Yoongi menghela nafasnya kasar. Bosan, sungguh. Sang adik selalu saja mengucap alasan itu tiap kali berdebat. Dan Yoongi, sudah tak ingin mendengar alasan konyol itu lagi di telinganya. "Ck, lagi-lagi alasan konyol itu kan? Harus berapa kali hyungmu ini bilang, jangan pernah pedulikan hyungmu, Jeon! Tugasmu hanyalah belajar. Tidak usah khawatir memikirkan-----"
Jungkook menyela, "Tapi tugasku juga adalah membantu hyungku! Aku tidak akan membiarkan hyungku lelah bekerja dan memikirkan itu semua. Sendirian. Apa itu salah?"
Yoongi bungkam.
Sekarang, adiknya benar-benar berani mengeluarkan apa yang ada di dalam hatinya. Ini bukan seperti Jeon Jungkook biasanya. Yoongi sampai kaget jika Jungkook akan melawan begini. Mungkinkah dia sudah kelewatan memarahi sang adik? Sungguh, Yoongi takut. Dia hanya bisa terdiam menatap lirih sang adik. Sekarang, posisinya berganti. Yoongi yang bungkam, adiknya yang membuka suara.

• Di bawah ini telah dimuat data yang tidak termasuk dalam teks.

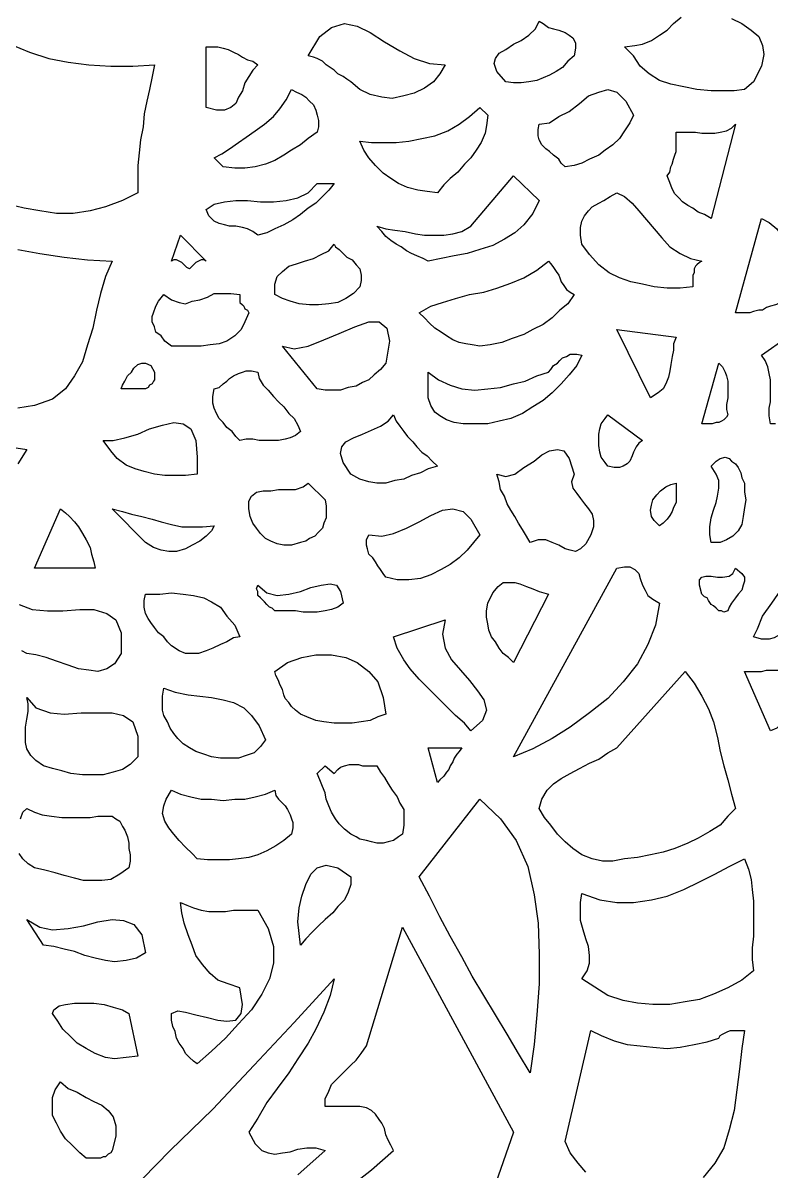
# Model space of a CAD drawing. Extents: x 0.02 to 6.9, y 0.03 to 9.01.
# Drawn here: x 5.116 to 5.696, y 3.195 to 4.085 of the extents above; entities that cross this region are included whole.
import ezdxf

# ---------------------------------------------------------------- set-up
doc = ezdxf.new("R2010")
doc.units = 0
doc.layers.add('1', color=7, linetype='Continuous')

msp = doc.modelspace()

# ---------------------------------------------------------------- linework, layer by layer
at = {"layer": '1'}
for points in [[(5.443, 4.052), (5.439, 4.045), (5.434, 4.039), (5.427, 4.034), (5.419, 4.03), (5.411, 4.028), (5.402, 4.026), (5.394, 4.027), (5.385, 4.029), (5.377, 4.033), (5.37, 4.039), (5.367, 4.041), (5.364, 4.043), (5.36, 4.045), (5.357, 4.048), (5.354, 4.05), (5.351, 4.052), (5.348, 4.055), (5.344, 4.057), (5.341, 4.058), (5.337, 4.059), (5.346, 4.074), (5.355, 4.081), (5.365, 4.084), (5.375, 4.082), (5.385, 4.077), (5.396, 4.07), (5.408, 4.063), (5.419, 4.057), (5.431, 4.053), (5.443, 4.052)], [(5.543, 4.059), (5.538, 4.055), (5.534, 4.05), (5.529, 4.047), (5.524, 4.044), (5.519, 4.042), (5.514, 4.04), (5.508, 4.039), (5.502, 4.038), (5.496, 4.038), (5.49, 4.039), (5.483, 4.047), (5.481, 4.053), (5.482, 4.057), (5.485, 4.061), (5.49, 4.064), (5.496, 4.068), (5.502, 4.071), (5.508, 4.075), (5.513, 4.08), (5.516, 4.086), (5.519, 4.084), (5.523, 4.081), (5.527, 4.08), (5.531, 4.079), (5.536, 4.077), (5.539, 4.075), (5.542, 4.073), (5.544, 4.069), (5.544, 4.065), (5.543, 4.059)], [(5.682, 4.039), (5.675, 4.033), (5.667, 4.032), (5.658, 4.032), (5.649, 4.032), (5.638, 4.033), (5.628, 4.035), (5.618, 4.037), (5.609, 4.04), (5.601, 4.045), (5.594, 4.051), (5.589, 4.059), (5.582, 4.066), (5.59, 4.067), (5.596, 4.068), (5.603, 4.071), (5.609, 4.075), (5.615, 4.079), (5.62, 4.084), (5.626, 4.089)], [(5.665, 4.088), (5.673, 4.084), (5.68, 4.079), (5.686, 4.074), (5.689, 4.067), (5.69, 4.06), (5.688, 4.051), (5.682, 4.039)], [(5.106, 4.068), (5.121, 4.062), (5.136, 4.057), (5.151, 4.054), (5.167, 4.052), (5.184, 4.051), (5.201, 4.051), (5.218, 4.052)], [(5.298, 4.052), (5.294, 4.048), (5.291, 4.043), (5.288, 4.038), (5.286, 4.032), (5.283, 4.027), (5.281, 4.022), (5.277, 4.019), (5.272, 4.017), (5.266, 4.017), (5.258, 4.019), (5.258, 4.066), (5.262, 4.066), (5.267, 4.066), (5.271, 4.065), (5.275, 4.064), (5.279, 4.062), (5.283, 4.06), (5.286, 4.058), (5.29, 4.056), (5.294, 4.055), (5.298, 4.052)], [(5.218, 4.052), (5.216, 4.043), (5.214, 4.033), (5.212, 4.024), (5.21, 4.014), (5.209, 4.004), (5.207, 3.994), (5.206, 3.984), (5.205, 3.974), (5.205, 3.964), (5.205, 3.953), (5.193, 3.947), (5.18, 3.942), (5.168, 3.939), (5.155, 3.937), (5.142, 3.937), (5.129, 3.939), (5.117, 3.941), (5.104, 3.944)], [(5.344, 4), (5.337, 3.995), (5.331, 3.99), (5.324, 3.986), (5.318, 3.982), (5.311, 3.978), (5.304, 3.975), (5.296, 3.973), (5.288, 3.972), (5.28, 3.972), (5.271, 3.973), (5.264, 3.98), (5.27, 3.983), (5.276, 3.987), (5.283, 3.992), (5.289, 3.996), (5.296, 4.001), (5.303, 4.006), (5.31, 4.012), (5.315, 4.018), (5.32, 4.025), (5.324, 4.033), (5.328, 4.031), (5.332, 4.029), (5.335, 4.027), (5.338, 4.024), (5.341, 4.021), (5.343, 4.017), (5.344, 4.013), (5.345, 4.009), (5.345, 4.004), (5.344, 4)], [(5.589, 4.013), (5.586, 4.007), (5.582, 4.001), (5.578, 3.995), (5.573, 3.99), (5.567, 3.986), (5.562, 3.982), (5.555, 3.979), (5.549, 3.976), (5.543, 3.974), (5.536, 3.973), (5.533, 3.976), (5.531, 3.979), (5.527, 3.982), (5.524, 3.985), (5.521, 3.987), (5.518, 3.99), (5.516, 3.994), (5.515, 3.997), (5.515, 4.002), (5.516, 4.006), (5.524, 4.007), (5.531, 4.012), (5.539, 4.016), (5.547, 4.022), (5.554, 4.028), (5.562, 4.031), (5.569, 4.033), (5.576, 4.031), (5.583, 4.024), (5.589, 4.013)], [(5.476, 4.013), (5.475, 4.005), (5.474, 3.999), (5.471, 3.992), (5.467, 3.986), (5.463, 3.98), (5.458, 3.975), (5.453, 3.969), (5.447, 3.964), (5.442, 3.959), (5.437, 3.953), (5.429, 3.954), (5.422, 3.955), (5.414, 3.957), (5.407, 3.96), (5.401, 3.964), (5.395, 3.968), (5.389, 3.974), (5.384, 3.98), (5.38, 3.986), (5.377, 3.993), (5.386, 3.992), (5.395, 3.992), (5.405, 3.992), (5.415, 3.993), (5.425, 3.995), (5.435, 3.997), (5.445, 4.001), (5.454, 4.006), (5.462, 4.012), (5.47, 4.019), (5.476, 4.013)], [(5.649, 3.933), (5.644, 3.936), (5.639, 3.938), (5.635, 3.941), (5.631, 3.943), (5.627, 3.946), (5.624, 3.949), (5.621, 3.952), (5.619, 3.956), (5.617, 3.961), (5.615, 3.966), (5.617, 3.969), (5.618, 3.973), (5.619, 3.975), (5.62, 3.979), (5.621, 3.982), (5.622, 3.985), (5.622, 3.989), (5.622, 3.992), (5.622, 3.996), (5.622, 4), (5.627, 4), (5.632, 4), (5.637, 4), (5.642, 3.999), (5.647, 3.999), (5.652, 3.999), (5.656, 4), (5.661, 4.001), (5.665, 4.003), (5.668, 4.006), (5.649, 3.933)], [(5.357, 3.96), (5.353, 3.955), (5.348, 3.95), (5.343, 3.945), (5.337, 3.941), (5.331, 3.936), (5.325, 3.932), (5.318, 3.928), (5.311, 3.925), (5.305, 3.922), (5.298, 3.92), (5.294, 3.923), (5.29, 3.925), (5.286, 3.926), (5.281, 3.927), (5.276, 3.927), (5.272, 3.928), (5.268, 3.929), (5.264, 3.931), (5.26, 3.935), (5.258, 3.94), (5.264, 3.944), (5.272, 3.946), (5.281, 3.947), (5.29, 3.947), (5.3, 3.946), (5.31, 3.946), (5.32, 3.947), (5.329, 3.949), (5.337, 3.953), (5.344, 3.96), (5.357, 3.96)], [(5.516, 3.947), (5.511, 3.937), (5.504, 3.928), (5.497, 3.922), (5.489, 3.917), (5.48, 3.912), (5.47, 3.909), (5.46, 3.906), (5.45, 3.904), (5.44, 3.902), (5.43, 3.9), (5.426, 3.902), (5.421, 3.904), (5.417, 3.906), (5.413, 3.908), (5.409, 3.911), (5.405, 3.913), (5.401, 3.916), (5.397, 3.919), (5.394, 3.923), (5.39, 3.927), (5.397, 3.925), (5.404, 3.924), (5.412, 3.923), (5.42, 3.921), (5.427, 3.92), (5.435, 3.92), (5.442, 3.92), (5.449, 3.921), (5.456, 3.923), (5.463, 3.927), (5.496, 3.966), (5.516, 3.947)], [(5.642, 3.9), (5.64, 3.899), (5.638, 3.897), (5.637, 3.896), (5.636, 3.894), (5.636, 3.891), (5.635, 3.889), (5.635, 3.886), (5.635, 3.883), (5.635, 3.88), (5.625, 3.879), (5.615, 3.879), (5.605, 3.88), (5.596, 3.882), (5.587, 3.884), (5.578, 3.887), (5.57, 3.891), (5.562, 3.897), (5.555, 3.905), (5.549, 3.913), (5.548, 3.92), (5.548, 3.926), (5.549, 3.931), (5.551, 3.935), (5.554, 3.939), (5.557, 3.942), (5.562, 3.945), (5.566, 3.947), (5.571, 3.95), (5.576, 3.953), (5.582, 3.95), (5.588, 3.945), (5.593, 3.939), (5.599, 3.932), (5.605, 3.925), (5.611, 3.918), (5.617, 3.911), (5.625, 3.906), (5.633, 3.902), (5.642, 3.9)], [(5.701, 3.867), (5.699, 3.866), (5.695, 3.865), (5.692, 3.864), (5.689, 3.862), (5.686, 3.862), (5.682, 3.861), (5.679, 3.86), (5.676, 3.86), (5.672, 3.86), (5.668, 3.86), (5.688, 3.933), (5.694, 3.93), (5.7, 3.925), (5.704, 3.919), (5.706, 3.912), (5.708, 3.905), (5.708, 3.897), (5.708, 3.889), (5.706, 3.881), (5.704, 3.874), (5.701, 3.867)], [(5.258, 3.9), (5.256, 3.901), (5.254, 3.901), (5.252, 3.9), (5.25, 3.899), (5.249, 3.898), (5.247, 3.896), (5.246, 3.895), (5.245, 3.894), (5.243, 3.895), (5.242, 3.896), (5.24, 3.898), (5.239, 3.899), (5.237, 3.9), (5.235, 3.901), (5.233, 3.901), (5.231, 3.9), (5.238, 3.92), (5.258, 3.9)], [(5.112, 3.909), (5.129, 3.906), (5.148, 3.903), (5.166, 3.901), (5.185, 3.9)], [(5.377, 3.88), (5.372, 3.875), (5.366, 3.871), (5.36, 3.868), (5.353, 3.867), (5.345, 3.866), (5.338, 3.866), (5.33, 3.867), (5.323, 3.869), (5.317, 3.871), (5.311, 3.874), (5.311, 3.882), (5.313, 3.888), (5.317, 3.892), (5.322, 3.896), (5.328, 3.898), (5.334, 3.9), (5.341, 3.902), (5.347, 3.905), (5.353, 3.908), (5.357, 3.913), (5.358, 3.911), (5.361, 3.909), (5.364, 3.906), (5.367, 3.903), (5.371, 3.901), (5.374, 3.897), (5.377, 3.894), (5.378, 3.889), (5.378, 3.885), (5.377, 3.88)], [(5.185, 3.9), (5.18, 3.888), (5.176, 3.875), (5.173, 3.862), (5.17, 3.848), (5.166, 3.835), (5.162, 3.822), (5.156, 3.811), (5.149, 3.801), (5.139, 3.793), (5.125, 3.788), (5.112, 3.786)], [(5.543, 3.874), (5.538, 3.867), (5.532, 3.862), (5.526, 3.856), (5.519, 3.851), (5.511, 3.847), (5.504, 3.843), (5.495, 3.84), (5.487, 3.837), (5.478, 3.835), (5.47, 3.834), (5.464, 3.835), (5.459, 3.836), (5.454, 3.837), (5.449, 3.839), (5.444, 3.842), (5.44, 3.845), (5.435, 3.848), (5.431, 3.852), (5.427, 3.856), (5.423, 3.86), (5.432, 3.865), (5.441, 3.868), (5.451, 3.871), (5.462, 3.874), (5.473, 3.876), (5.483, 3.879), (5.494, 3.883), (5.504, 3.887), (5.514, 3.893), (5.523, 3.9), (5.525, 3.898), (5.527, 3.895), (5.529, 3.892), (5.531, 3.889), (5.532, 3.887), (5.533, 3.884), (5.535, 3.881), (5.537, 3.878), (5.54, 3.876), (5.543, 3.874)], [(5.284, 3.874), (5.284, 3.872), (5.284, 3.87), (5.284, 3.868), (5.286, 3.866), (5.287, 3.865), (5.288, 3.863), (5.29, 3.862), (5.291, 3.86), (5.288, 3.853), (5.285, 3.847), (5.28, 3.842), (5.274, 3.838), (5.268, 3.836), (5.261, 3.835), (5.254, 3.834), (5.246, 3.834), (5.239, 3.834), (5.231, 3.834), (5.226, 3.838), (5.223, 3.842), (5.219, 3.845), (5.218, 3.849), (5.216, 3.853), (5.216, 3.857), (5.217, 3.86), (5.219, 3.865), (5.221, 3.869), (5.225, 3.874), (5.231, 3.87), (5.237, 3.868), (5.242, 3.867), (5.247, 3.869), (5.253, 3.87), (5.259, 3.872), (5.264, 3.875), (5.271, 3.875), (5.277, 3.875), (5.284, 3.874)], [(5.397, 3.821), (5.393, 3.816), (5.388, 3.812), (5.384, 3.808), (5.379, 3.806), (5.374, 3.803), (5.368, 3.802), (5.362, 3.8), (5.356, 3.8), (5.35, 3.8), (5.344, 3.801), (5.317, 3.834), (5.326, 3.832), (5.337, 3.834), (5.349, 3.839), (5.361, 3.844), (5.373, 3.849), (5.384, 3.853), (5.392, 3.853), (5.398, 3.848), (5.4, 3.838), (5.397, 3.821)], [(5.622, 3.841), (5.62, 3.836), (5.62, 3.831), (5.619, 3.826), (5.618, 3.82), (5.617, 3.815), (5.616, 3.81), (5.614, 3.805), (5.612, 3.801), (5.608, 3.798), (5.602, 3.794), (5.576, 3.847), (5.622, 3.841)], [(5.699, 3.774), (5.695, 3.774), (5.694, 3.78), (5.694, 3.786), (5.695, 3.791), (5.695, 3.797), (5.695, 3.802), (5.695, 3.808), (5.694, 3.813), (5.693, 3.818), (5.691, 3.823), (5.688, 3.827), (5.708, 3.841)], [(5.549, 3.827), (5.545, 3.819), (5.539, 3.812), (5.533, 3.805), (5.526, 3.798), (5.519, 3.792), (5.511, 3.787), (5.503, 3.782), (5.494, 3.778), (5.485, 3.776), (5.476, 3.774), (5.47, 3.774), (5.463, 3.774), (5.457, 3.774), (5.45, 3.775), (5.444, 3.777), (5.439, 3.78), (5.435, 3.783), (5.432, 3.788), (5.43, 3.794), (5.43, 3.801), (5.43, 3.814), (5.438, 3.808), (5.447, 3.804), (5.456, 3.801), (5.466, 3.8), (5.476, 3.801), (5.486, 3.802), (5.496, 3.805), (5.505, 3.807), (5.514, 3.811), (5.523, 3.814), (5.525, 3.816), (5.527, 3.819), (5.53, 3.821), (5.532, 3.823), (5.534, 3.825), (5.537, 3.826), (5.54, 3.828), (5.543, 3.828), (5.545, 3.828), (5.549, 3.827)], [(5.218, 3.814), (5.218, 3.812), (5.218, 3.81), (5.218, 3.808), (5.217, 3.807), (5.216, 3.805), (5.214, 3.804), (5.213, 3.802), (5.211, 3.801), (5.192, 3.801), (5.193, 3.804), (5.195, 3.807), (5.197, 3.811), (5.2, 3.814), (5.202, 3.817), (5.205, 3.82), (5.208, 3.821), (5.211, 3.821), (5.215, 3.819), (5.218, 3.814)], [(5.662, 3.781), (5.661, 3.779), (5.659, 3.777), (5.657, 3.776), (5.655, 3.775), (5.653, 3.775), (5.65, 3.774), (5.648, 3.774), (5.645, 3.774), (5.642, 3.774), (5.655, 3.821), (5.658, 3.818), (5.66, 3.814), (5.661, 3.811), (5.662, 3.807), (5.662, 3.802), (5.662, 3.798), (5.662, 3.794), (5.661, 3.789), (5.661, 3.785), (5.662, 3.781)], [(5.331, 3.768), (5.327, 3.765), (5.323, 3.763), (5.319, 3.762), (5.314, 3.761), (5.309, 3.761), (5.304, 3.761), (5.299, 3.761), (5.294, 3.762), (5.289, 3.762), (5.284, 3.761), (5.281, 3.764), (5.278, 3.768), (5.274, 3.771), (5.271, 3.775), (5.268, 3.778), (5.266, 3.782), (5.264, 3.786), (5.263, 3.79), (5.263, 3.795), (5.264, 3.801), (5.268, 3.802), (5.271, 3.805), (5.274, 3.807), (5.276, 3.809), (5.279, 3.811), (5.283, 3.813), (5.286, 3.814), (5.289, 3.815), (5.293, 3.815), (5.298, 3.814), (5.299, 3.809), (5.302, 3.804), (5.306, 3.8), (5.31, 3.795), (5.314, 3.791), (5.318, 3.787), (5.322, 3.782), (5.326, 3.778), (5.329, 3.773), (5.331, 3.768)], [(5.437, 3.741), (5.43, 3.739), (5.424, 3.736), (5.417, 3.734), (5.411, 3.731), (5.404, 3.73), (5.397, 3.728), (5.39, 3.728), (5.384, 3.729), (5.377, 3.731), (5.37, 3.735), (5.364, 3.744), (5.362, 3.751), (5.363, 3.756), (5.366, 3.76), (5.372, 3.763), (5.379, 3.766), (5.386, 3.769), (5.393, 3.772), (5.399, 3.776), (5.403, 3.781), (5.405, 3.776), (5.408, 3.772), (5.411, 3.768), (5.414, 3.764), (5.418, 3.76), (5.421, 3.756), (5.425, 3.752), (5.429, 3.749), (5.433, 3.745), (5.437, 3.741)], [(5.596, 3.761), (5.593, 3.759), (5.591, 3.756), (5.589, 3.752), (5.588, 3.749), (5.586, 3.745), (5.584, 3.743), (5.581, 3.741), (5.578, 3.74), (5.574, 3.74), (5.569, 3.741), (5.567, 3.744), (5.564, 3.748), (5.563, 3.752), (5.562, 3.757), (5.562, 3.761), (5.562, 3.766), (5.563, 3.77), (5.564, 3.774), (5.567, 3.778), (5.569, 3.781), (5.596, 3.761)], [(5.251, 3.748), (5.251, 3.735), (5.242, 3.734), (5.234, 3.734), (5.226, 3.734), (5.218, 3.735), (5.21, 3.737), (5.203, 3.739), (5.196, 3.742), (5.189, 3.747), (5.184, 3.753), (5.178, 3.761), (5.186, 3.761), (5.195, 3.763), (5.205, 3.766), (5.214, 3.77), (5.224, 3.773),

"Aku hanya tidak ingin merepotkan hyung. Sudah lelah bekerja, lalu aku seorang adik untuk apa?" Jeda, "Sungguh, kalau hyung masih saja melarangku membantu hyung, aku merasa gagal menjadi adik yang berguna untuk hyung." ujar sang adik kembali.
"Ah----maafkan aku, Jeon. Apa aku sudah keterlaluan padamu?" Yoongi lirih. Pandangannya menunduk, merasa bersalah pada sang adik.
"Tidak hyung, aku tahu hyung sedang mengalami masa sulit. Jadi, biarkan aku temani hyung disini. Aku akan mendengar apapun keluh kesah hyung padaku." Jeda, "Ceritakan semuanya padaku, hyung." ucap sang adik bijak.
_____***_____
Adiknya tahu, sang kakak akan luluh jika dia sudah bicara seperti itu. Tidak tega, sungguh. Emosinya perlahan mencair. Sial! Tidak bisa jadi marah kalau begini. Yoongi frustasi sekarang. Adiknya selalu berhasil membuat hatinya dingin. Amarah yang bergejolak itu akhirnya mencair perlahan.
"Sialan! Kau selalu saja berhasil membuat hyung mu gagal marah." pekik Yoongi.
Jungkook terkekeh. Kembali memperlihatkan gigi kelincinya disana.
"Senang kau ya, tidak jadi dimarahi? Dasar kelinci!" ujar Yoongi. Perlahan mengusak kepala sang adik.
"Hehe-----Oh ya hyung, ada yang ku ingin bicarakan."
Memutar bola matanya malas, "Ck, jangan suka mengalihkan topik, Jeon." pekik Yoongi.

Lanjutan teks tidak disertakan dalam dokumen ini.